In a significant decision by the Pune Tribunal, it has been held that a non-resident foreign company could not avail relief under the ‘Non-discrimination’ clause of the tax treaty, unless the alleged discrimination in taxation is unreasonable and unfounded.
‘Non-discrimination’ clause in tax treaties
Article 24 of the Model tax Convention provides relief to non-resident taxpayers on account of discrimination (in taxation) in the source country. The basic principle underlying such relief is that a national or a resident of a foreign country shall not be subjected (in the source state) to a less favorable taxation regime or any onerous requirement which is more burdensome than that applicable to nationals of the source country, under same circumstances.
For illustration, if a branch of US resident company operates in India, it shall not be subject to any less favourable tax treatment than those applicable to Indian companies under similar circumstances.
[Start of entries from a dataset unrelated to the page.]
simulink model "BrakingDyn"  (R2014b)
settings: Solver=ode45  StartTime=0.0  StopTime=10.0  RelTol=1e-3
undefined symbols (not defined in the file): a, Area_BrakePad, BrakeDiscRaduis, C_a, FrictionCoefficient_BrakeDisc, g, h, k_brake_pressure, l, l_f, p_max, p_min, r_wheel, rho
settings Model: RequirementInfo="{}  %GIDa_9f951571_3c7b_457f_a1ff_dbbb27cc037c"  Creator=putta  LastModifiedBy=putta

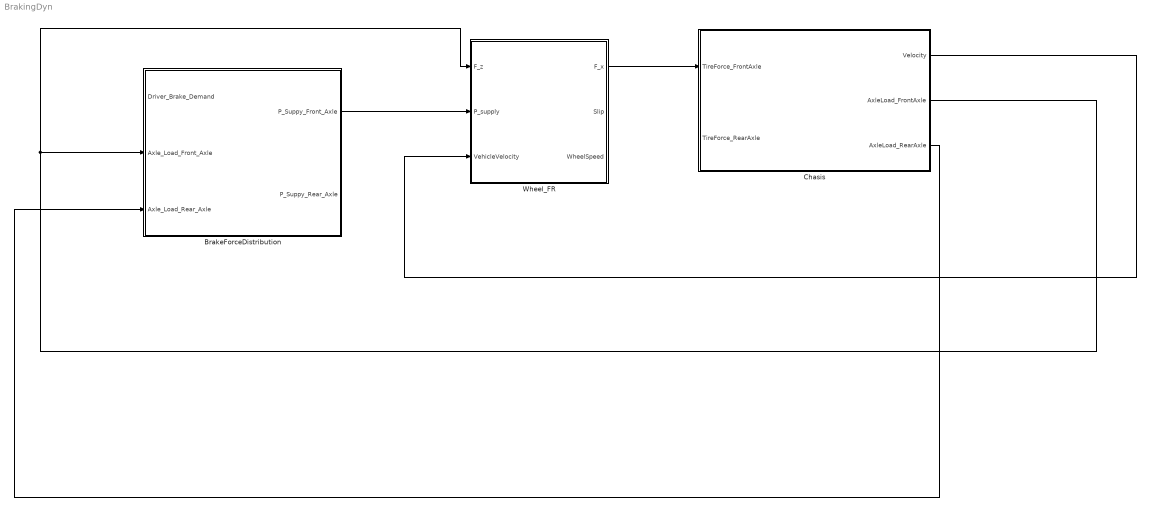
== system BrakingDyn ==
  BrakeForceDistribution : Subsystem
  Chasis : Subsystem
  Wheel_FR : Subsystem
  wires:
  Chasis/1(Velocity) -> Wheel_FR/3(VehicleVelocity)
  Wheel_FR/1(F_x) -> Chasis/1(TireForce_FrontAxle)
  BrakeForceDistribution/1(P_Suppy_Front_Axle) -> Wheel_FR/2(P_supply)
  Chasis/2(AxleLoad_FrontAxle) -> Wheel_FR/1(F_z), BrakeForceDistribution/2(Axle_Load_Front_Axle)
  Chasis/3(AxleLoad_RearAxle) -> BrakeForceDistribution/3(Axle_Load_Rear_Axle)

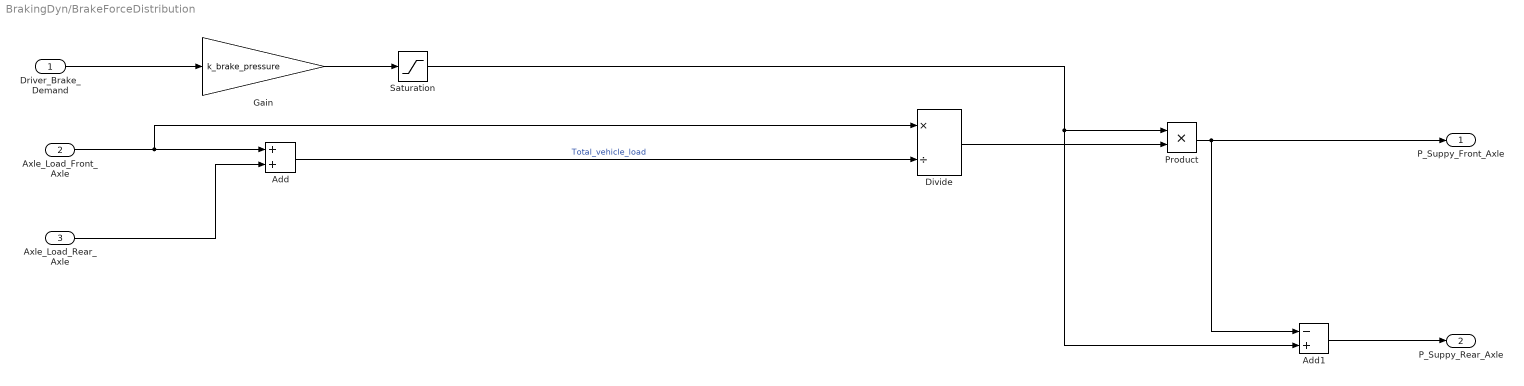
== system BrakingDyn/BrakeForceDistribution ==
  Driver_Brake_Demand : Inport
  Axle_Load_Front_Axle : Inport  Port=2
  Axle_Load_Rear_Axle : Inport  Port=3
  Add : Sum
  Add1 : Sum  Inputs=-+
  Divide : Product  Inputs=*/
  Gain : Gain  Gain=k_brake_pressure
  Product : Product
  Saturation : Saturate  UpperLimit=p_max  LowerLimit=p_min
  P_Suppy_Front_Axle : Outport
  P_Suppy_Rear_Axle : Outport  Port=2
  wires:
  Driver_Brake_Demand/1 -> Gain/1
  Gain/1 -> Saturation/1
  Axle_Load_Front_Axle/1 -> Divide/1, Add/1
  Axle_Load_Rear_Axle/1 -> Add/2
  Add/1 -> Divide/2  "Total_vehicle_load"
  Divide/1 -> Product/2
  Saturation/1 -> Add1/2, Product/1
  Product/1 -> Add1/1, P_Suppy_Front_Axle/1
  Add1/1 -> P_Suppy_Rear_Axle/1

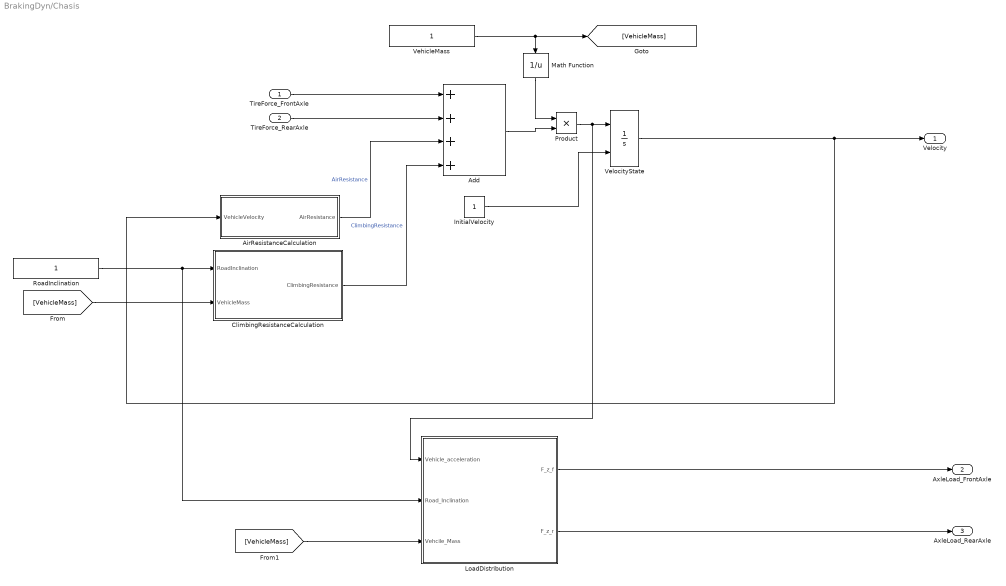
== system BrakingDyn/Chasis ==
  TireForce_FrontAxle : Inport
  TireForce_RearAxle : Inport  Port=2
  Add : Sum  Inputs=++++
  AirResistanceCalculation : Subsystem
  ClimbingResistanceCalculation : Subsystem
  "InitialVelocity " : Constant
  LoadDistribution : Subsystem
  Math Function : Math  Operator=reciprocal  SaturateOnIntegerOverflow=on
  Product : Product
  RoadInclination : Constant
  "VehicleMass " : Constant
  VelocityState : Integrator  InitialConditionSource=external
  Velocity : Outport
  AxleLoad_FrontAxle : Outport  Port=2
  AxleLoad_RearAxle : Outport  Port=3
  wires:
  "InitialVelocity "/1 -> VelocityState/2
  TireForce_FrontAxle/1 -> Add/1
  TireForce_RearAxle/1 -> Add/2
  AirResistanceCalculation/1(AirResistance) -> Add/3  "AirResistance"
  ClimbingResistanceCalculation/1(ClimbingResistance) -> Add/4  "ClimbingResistance"
  VelocityState/1 -> AirResistanceCalculation/1(VehicleVelocity), Velocity/1
  Product/1 -> LoadDistribution/1(Vehicle_acceleration), VelocityState/1
  Add/1 -> Product/2
  "VehicleMass "/1 -> Math Function/1, [VehicleMass]
  RoadInclination/1 -> LoadDistribution/2(Road_Inclination), ClimbingResistanceCalculation/1(RoadInclination)
  [VehicleMass] -> ClimbingResistanceCalculation/2(VehicleMass)
  LoadDistribution/1(F_z_f) -> AxleLoad_FrontAxle/1
  LoadDistribution/2(F_z_r) -> AxleLoad_RearAxle/1
  Math Function/1 -> Product/1
  [VehicleMass] -> LoadDistribution/3(Vehcile_Mass)

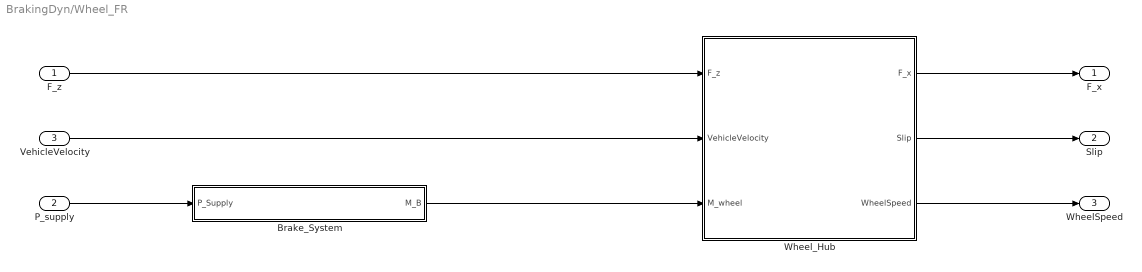
== system BrakingDyn/Wheel_FR ==
  F_z : Inport
  P_supply : Inport  Port=2
  VehicleVelocity : Inport  Port=3
  Brake_System : Subsystem
  Wheel_Hub : Subsystem
  F_x : Outport
  Slip : Outport  Port=2
  WheelSpeed : Outport  Port=3
  wires:
  F_z/1 -> Wheel_Hub/1(F_z)
  VehicleVelocity/1 -> Wheel_Hub/2(VehicleVelocity)
  Wheel_Hub/1(F_x) -> F_x/1
  Wheel_Hub/2(Slip) -> Slip/1
  Wheel_Hub/3(WheelSpeed) -> WheelSpeed/1
  P_supply/1 -> Brake_System/1(P_Supply)
  Brake_System/1(M_B) -> Wheel_Hub/3(M_wheel)

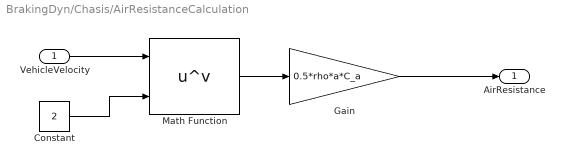
== system BrakingDyn/Chasis/AirResistanceCalculation ==
  VehicleVelocity : Inport
  Constant : Constant  Value=2
  Gain : Gain  Gain=0.5*rho*a*C_a
  Math Function : Math  Operator=pow  SaturateOnIntegerOverflow=on
  AirResistance : Outport
  wires:
  Gain/1 -> AirResistance/1
  Math Function/1 -> Gain/1
  VehicleVelocity/1 -> Math Function/1
  Constant/1 -> Math Function/2

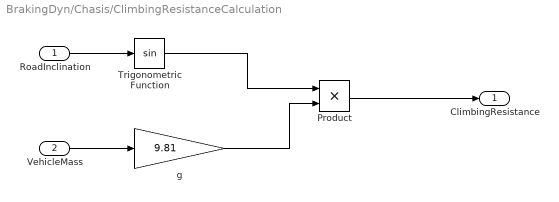
== system BrakingDyn/Chasis/ClimbingResistanceCalculation ==
  RoadInclination : Inport
  VehicleMass : Inport  Port=2
  Product : Product
  Trigonometric Function : Trigonometry
  g : Gain  Gain=9.81
  ClimbingResistance : Outport
  wires:
  VehicleMass/1 -> g/1
  RoadInclination/1 -> Trigonometric Function/1
  Product/1 -> ClimbingResistance/1
  Trigonometric Function/1 -> Product/1
  g/1 -> Product/2

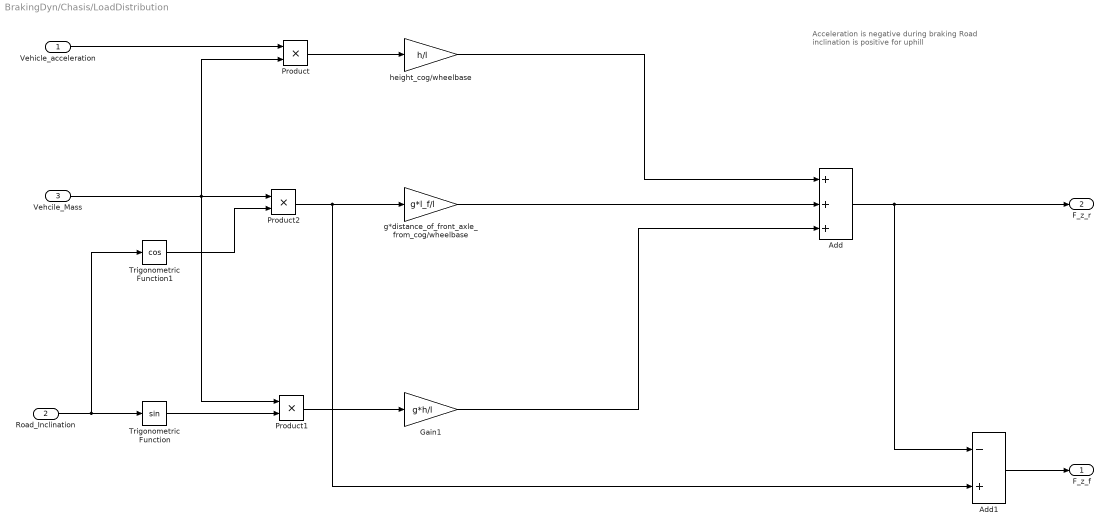
== system BrakingDyn/Chasis/LoadDistribution ==
  note: Acceleration is negative during braking
      | Road inclination is positive for uphill
  Vehicle_acceleration : Inport
  Road_Inclination : Inport  Port=2
  Vehcile_Mass : Inport  Port=3
  Add : Sum  Inputs=+++
  Add1 : Sum  Inputs=-+
  Gain1 : Gain  Gain=g*h/l
  Product : Product
  Product1 : Product
  Product2 : Product
  Trigonometric Function : Trigonometry
  Trigonometric Function1 : Trigonometry  Operator=cos
  g*distance_of_front_axle_from_cog/wheelbase : Gain  Gain=g*l_f/l
  height_cog/wheelbase : Gain  Gain=h/l
  F_z_f : Outport
  F_z_r : Outport  Port=2
  wires:
  Vehcile_Mass/1 -> Product/2, Product2/1, Product1/1
  Product/1 -> height_cog/wheelbase/1
  Vehicle_acceleration/1 -> Product/1
  Road_Inclination/1 -> Trigonometric Function1/1, Trigonometric Function/1
  Product1/1 -> Gain1/1
  Trigonometric Function/1 -> Product1/2
  Product2/1 -> Add1/2, g*distance_of_front_axle_from_cog/wheelbase/1
  Trigonometric Function1/1 -> Product2/2
  height_cog/wheelbase/1 -> Add/1
  g*distance_of_front_axle_from_cog/wheelbase/1 -> Add/2
  Gain1/1 -> Add/3
  Add/1 -> Add1/1, F_z_r/1
  Add1/1 -> F_z_f/1

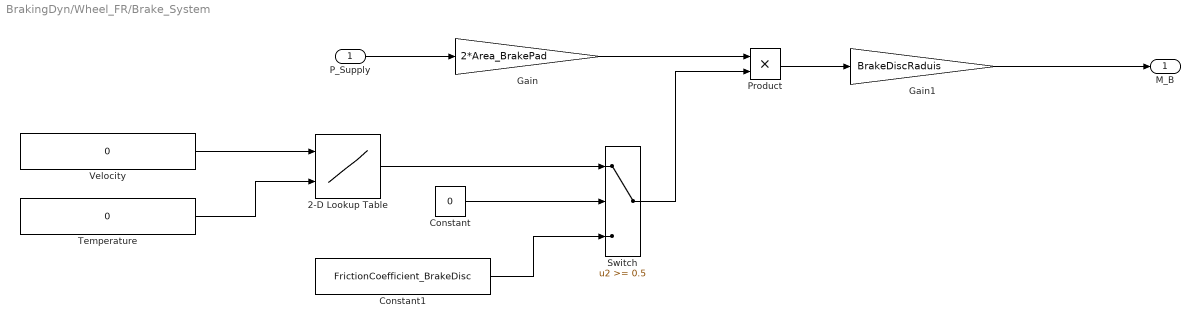
== system BrakingDyn/Wheel_FR/Brake_System ==
  P_Supply : Inport
  2-D Lookup Table : Lookup_n-D  BreakpointsForDimension1=[1:3]  BreakpointsForDimension2=[1:3]  InternalRulePriority=Speed  RndMeth=Simplest  InputSameDT=on
  Constant : Constant  Value=0
  Constant1 : Constant  Value=FrictionCoefficient_BrakeDisc
  Gain : Gain  Gain=2*Area_BrakePad
  Gain1 : Gain  Gain=BrakeDiscRaduis
  Product : Product
  Switch : Switch  Threshold=0.5
      settings: AttributesFormatString=criteria=%<Criteria>\nthreshold=%<Threshold>
  Temperature : Constant  Value=0
  Velocity : Constant  Value=0
  M_B : Outport
  wires:
  P_Supply/1 -> Gain/1
  Gain/1 -> Product/1
  Switch/1 -> Product/2
  Constant1/1 -> Switch/3
  Constant/1 -> Switch/2
  2-D Lookup Table/1 -> Switch/1
  Velocity/1 -> 2-D Lookup Table/1
  Temperature/1 -> 2-D Lookup Table/2
  Product/1 -> Gain1/1
  Gain1/1 -> M_B/1

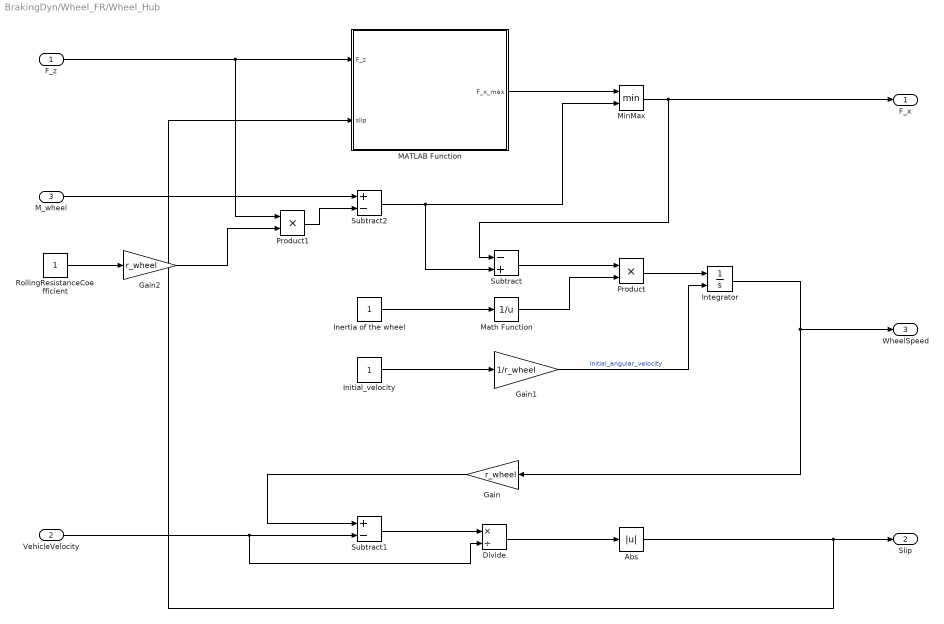
== system BrakingDyn/Wheel_FR/Wheel_Hub ==
  F_z : Inport
  VehicleVelocity : Inport  Port=2
  M_wheel : Inport  Port=3
  Abs : Abs
  Divide : Product  Inputs=*/
  Gain : Gain  Gain=r_wheel
  Gain1 : Gain  Gain=1/r_wheel
  Gain2 : Gain  Gain=r_wheel
  Inertia of the wheel : Constant
  Initial_velocity : Constant
  Integrator : Integrator  InitialConditionSource=external
  MATLAB Function : MATLAB Function  TreatAsAtomicUnit=on
  Math Function : Math  Operator=reciprocal  SaturateOnIntegerOverflow=on
  MinMax : MinMax  Inputs=2
  Product : Product
  Product1 : Product
  RollingResistanceCoefficient : Constant
  Subtract : Sum  Inputs=-+
  Subtract1 : Sum  Inputs=+-
  Subtract2 : Sum  Inputs=+-
  F_x : Outport
  Slip : Outport  Port=2
  WheelSpeed : Outport  Port=3
  wires:
  MATLAB Function/1(F_x_max) -> MinMax/1
  Subtract/1 -> Product/1
  Math Function/1 -> Product/2
  MinMax/1 -> F_x/1, Subtract/1
  F_z/1 -> Product1/1, MATLAB Function/1(F_z)
  VehicleVelocity/1 -> Subtract1/2, Divide/2
  Divide/1 -> Abs/1
  Initial_velocity/1 -> Gain1/1
  M_wheel/1 -> Subtract2/1
  Product1/1 -> Subtract2/2
  Gain/1 -> Subtract1/1
  Product/1 -> Integrator/1
  Gain1/1 -> Integrator/2  "Initial_angular_velocity"
  Subtract2/1 -> Subtract/2, MinMax/2
  Integrator/1 -> WheelSpeed/1, Gain/1
  RollingResistanceCoefficient/1 -> Gain2/1
  Subtract1/1 -> Divide/1
  Inertia of the wheel/1 -> Math Function/1
  Abs/1 -> Slip/1, MATLAB Function/2(slip)
  Gain2/1 -> Product1/2

== matlab function BrakingDyn/Wheel_FR/Wheel_Hub/MATLAB Function ==
  data: F_z input; slip input; F_x_max output
function F_x_max = fcn(F_z,slip)
%#codegen
s = slip;
F_x_max = F_z*D*sin(C*atan((B*s-E*(B*s-atan(B*s)))));

Article 24 however, limits the extent of such relief by stating that ‘non-discrimination’ clause does not, in any manner, make it obligatory for the source state to grant to such non-resident any relief in taxation on account of civil status or family responsibilities, which are otherwise granted to residents of the source country. Hence, non-discrimination applies subject to limits laid down in the treaties.
Facts of the case
The taxpayer, a US resident company, was engaged (through its branch office) in the business of export of computer software. For years under consideration, the company claimed deduction for profits generated in foreign exchange in relation to export of software. In the course of assessment, the Assessing Office (AO) denied such deduction holding that such relief is specifically available only to an Indian company under the domestic Indian tax law. Under section 80HHE the Indian law allows such holiday to resident Indian companies. Interestingly, the company withdrew its claim for deduction during the course of assessment based on a legal opinion obtained from its tax counsel.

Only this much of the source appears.